BACKGROUND: A reduction in peripheral nervous system (PNS) insulin signaling is a proposed mechanism that may contribute to sensory neuron dysfunction and diabetic neuropathy. Neuronal insulin resistance is associated with several neurological disorders and recent evidence has indicated that dorsal root ganglion (DRG) neurons in primary culture display altered insulin signaling, yet in vivo results are lacking. Here, experiments were performed to test the hypothesis that the PNS of insulin-resistant mice displays altered insulin signal transduction in vivo. For these studies, nondiabetic control and type 2 diabetic ob/ob mice were challenged with an intrathecal injection of insulin or insulin-like growth factor 1 (IGF-1) and downstream signaling was evaluated in the DRG and sciatic nerve using Western blot analysis. RESULTS: The results indicate that insulin signaling abnormalities documented in other "insulin sensitive" tissues (i.e. muscle, fat, liver) of ob/ob mice are also present in the PNS. A robust increase in Akt activation was observed with insulin and IGF-1 stimulation in nondiabetic mice in both the sciatic nerve and DRG; however this response was blunted in both tissues from ob/ob mice. The results also suggest that upregulated JNK activation and reduced insulin receptor expression could be contributory mechanisms of PNS insulin resistance within sensory neurons. CONCLUSIONS: These findings contribute to the growing body of evidence that alterations in insulin signaling occur in the PNS and may be a key factor in the pathogenesis of diabetic neuropathy.
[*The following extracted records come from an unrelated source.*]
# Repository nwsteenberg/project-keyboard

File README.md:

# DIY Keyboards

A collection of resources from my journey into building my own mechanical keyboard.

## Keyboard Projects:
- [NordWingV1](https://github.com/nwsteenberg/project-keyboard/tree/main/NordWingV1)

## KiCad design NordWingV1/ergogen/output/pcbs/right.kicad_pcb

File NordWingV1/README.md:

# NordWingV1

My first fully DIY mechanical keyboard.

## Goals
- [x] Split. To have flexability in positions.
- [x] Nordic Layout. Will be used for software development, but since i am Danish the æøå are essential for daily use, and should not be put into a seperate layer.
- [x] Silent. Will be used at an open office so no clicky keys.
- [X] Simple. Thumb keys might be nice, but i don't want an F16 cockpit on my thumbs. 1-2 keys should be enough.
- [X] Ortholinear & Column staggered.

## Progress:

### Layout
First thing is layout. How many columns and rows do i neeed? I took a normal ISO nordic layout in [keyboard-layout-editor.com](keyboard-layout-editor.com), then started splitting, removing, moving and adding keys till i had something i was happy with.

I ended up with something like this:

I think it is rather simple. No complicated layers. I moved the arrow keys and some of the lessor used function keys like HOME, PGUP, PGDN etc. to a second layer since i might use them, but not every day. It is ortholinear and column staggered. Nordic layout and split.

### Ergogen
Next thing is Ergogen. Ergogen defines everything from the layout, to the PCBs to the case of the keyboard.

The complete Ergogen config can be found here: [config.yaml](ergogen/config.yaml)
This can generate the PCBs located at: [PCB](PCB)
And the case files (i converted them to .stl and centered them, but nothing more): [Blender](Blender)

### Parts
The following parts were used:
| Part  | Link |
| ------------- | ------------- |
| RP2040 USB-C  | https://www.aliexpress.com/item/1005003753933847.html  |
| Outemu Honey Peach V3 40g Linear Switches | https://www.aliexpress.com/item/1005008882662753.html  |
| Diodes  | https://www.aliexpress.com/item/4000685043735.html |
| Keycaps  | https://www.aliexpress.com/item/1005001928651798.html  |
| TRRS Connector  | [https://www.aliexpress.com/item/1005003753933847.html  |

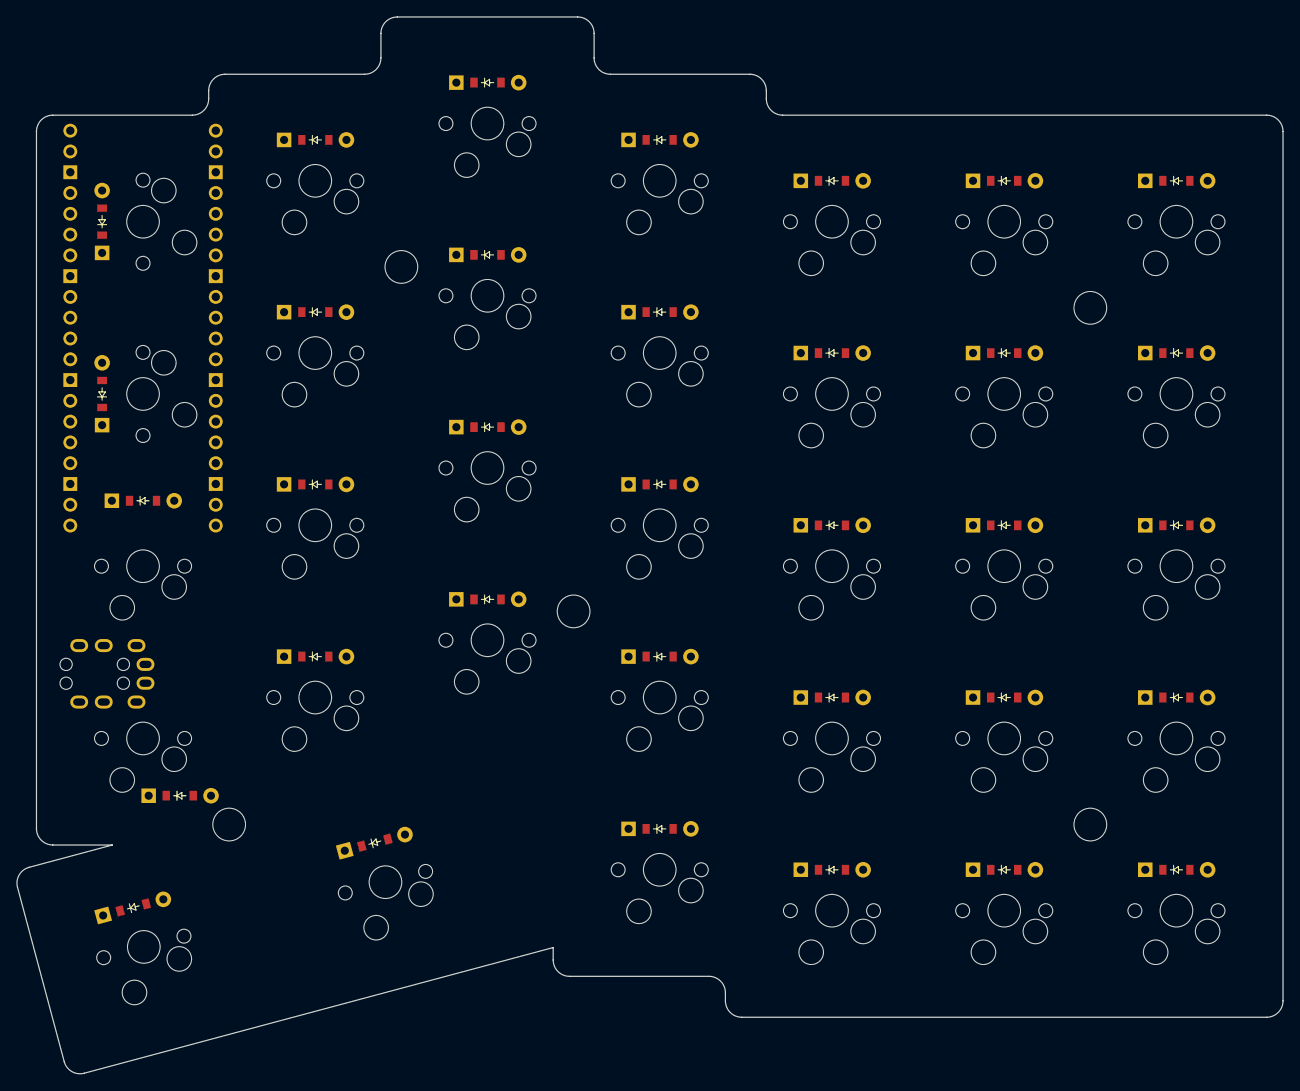
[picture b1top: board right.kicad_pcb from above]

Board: 2 copper layers, 154.7 x 129.2 mm, 70 parts (0 on the bottom side), 50 nets, no tracks yet.

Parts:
D1, D2, D3, D4, D5, D6, D7, D8, D9, D10, D11, D12, D13, D14, D15, D16, D17, D18, D19, D20, D21, D22, D23, D24, D25, D26, D27, D28, D29, D30, D31, D32, D33, D34: ComboDiode
S1, S2, S3, S4, S5, S6, S7, S8, S9, S10, S11, S12, S13, S14, S15, S16, S17, S18, S19, S20, S21, S22, S23, S24, S25, S26, S27, S28, S29, S30, S31, S32, S33, S34: MX
TRRS1: TRRS-PJ-320A-dual
_1: RPi_Pico_SMD_TH

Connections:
3V3: TRRS1.4, _1.36
GND: TRRS1.3, _1.3, _1.8, _1.13, _1.18, _1.23, _1.28, _1.38
GP0: TRRS1.1, _1.1
GP1: TRRS1.2, _1.2
GP6: S1.1, S2.1, S31.1, S33.1, S34.1, _1.9
GP7: S3.1, S4.1, S5.1, S6.1, S32.1, _1.10
GP8: S7.1, S8.1, S9.1, S10.1, _1.11
GP9: S11.1, S12.1, S13.1, S14.1, S15.1, _1.12
GP10: S16.1, S17.1, S18.1, S19.1, S20.1, _1.14
GP11: S21.1, S22.1, S23.1, S24.1, S25.1, _1.15
GP12: S26.1, S27.1, S28.1, S29.1, S30.1, _1.16
GP16: D9.1, D14.1, D19.1, D24.1, D29.1, D30.1, _1.21
GP17: D1.1, D5.1, D10.1, D15.1, D20.1, D25.1, D34.1, _1.22
GP18: D2.1, D6.1, D11.1, D16.1, D21.1, D26.1, D33.1, _1.24
GP19: D3.1, D7.1, D12.1, D17.1, D22.1, D27.1, D31.1, _1.25
GP20: D4.1, D8.1, D13.1, D18.1, D23.1, D28.1, D32.1, _1.26
back_space_default: D29.2, S31.2
enter_default: D30.2, S32.2
index_bottom: D1.2, S3.2
index_home: D2.2, S4.2
index_num: D4.2, S6.2
index_top: D3.2, S5.2
inner_bottom: D34.2, S1.2
inner_home: D33.2, S2.2
inner_num: D32.2, S34.2
inner_top: D31.2, S33.2
middle_bottom: D5.2, S7.2
middle_home: D6.2, S8.2
middle_num: D8.2, S10.2
middle_top: D7.2, S9.2
pinky_bottom: D15.2, S17.2
pinky_home: D16.2, S18.2
pinky_num: D18.2, S20.2
pinky_thumb: D14.2, S16.2
pinky_top: D17.2, S19.2
right2_bottom: D25.2, S27.2
right2_home: D26.2, S28.2
right2_num: D28.2, S30.2
right2_thumb: D24.2, S26.2
right2_top: D27.2, S29.2
right_bottom: D20.2, S22.2
right_home: D21.2, S23.2
right_num: D23.2, S25.2
right_thumb: D19.2, S21.2
right_top: D22.2, S24.2
ring_bottom: D10.2, S12.2
ring_home: D11.2, S13.2
ring_num: D13.2, S15.2
ring_thumb: D9.2, S11.2
ring_top: D12.2, S14.2

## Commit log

2025-08-13 initial commit. Added everything
2025-08-16 Rename NordWingV1/kle.png to NordWingV1/res/kle.png

In vivo peripheral nervous system insulin signaling.

Alterations in peripheral nervous system (PNS) insulin support may contribute to diabetic neuropathy (DN); yet, PNS insulin signaling is not fully defined. Here, we investigated in vivo insulin signaling in the PNS and compared the insulin responsiveness to that of muscle, liver, and adipose. Non-diabetic mice were administered increasing doses of insulin to define a dose-response relationship between insulin and Akt activation in the dorsal root ganglion (DRG) and sciatic nerve. Resulting EC50 doses were used to characterize the PNS insulin signaling time course and make comparisons between insulin signaling in the PNS and other peripheral tissues (i.e., muscle, liver, and adipose). The results demonstrate that the PNS is responsive to insulin and that differences in insulin signaling pathway activation exist between PNS compartments. At a therapeutically relevant dose, Akt was activated in the muscle, liver, and adipose at 30 min, correlating with the changes in blood glucose levels. Interestingly, the sciatic nerve showed a similar signaling profile as insulin-sensitive tissues; however, there was not a comparable activation in the DRG or spinal cord. These results present new evidence regarding PNS insulin signaling pathways in vivo and provide a baseline for studies investigating the contribution of disrupted PNS insulin signaling to DN pathogenesis.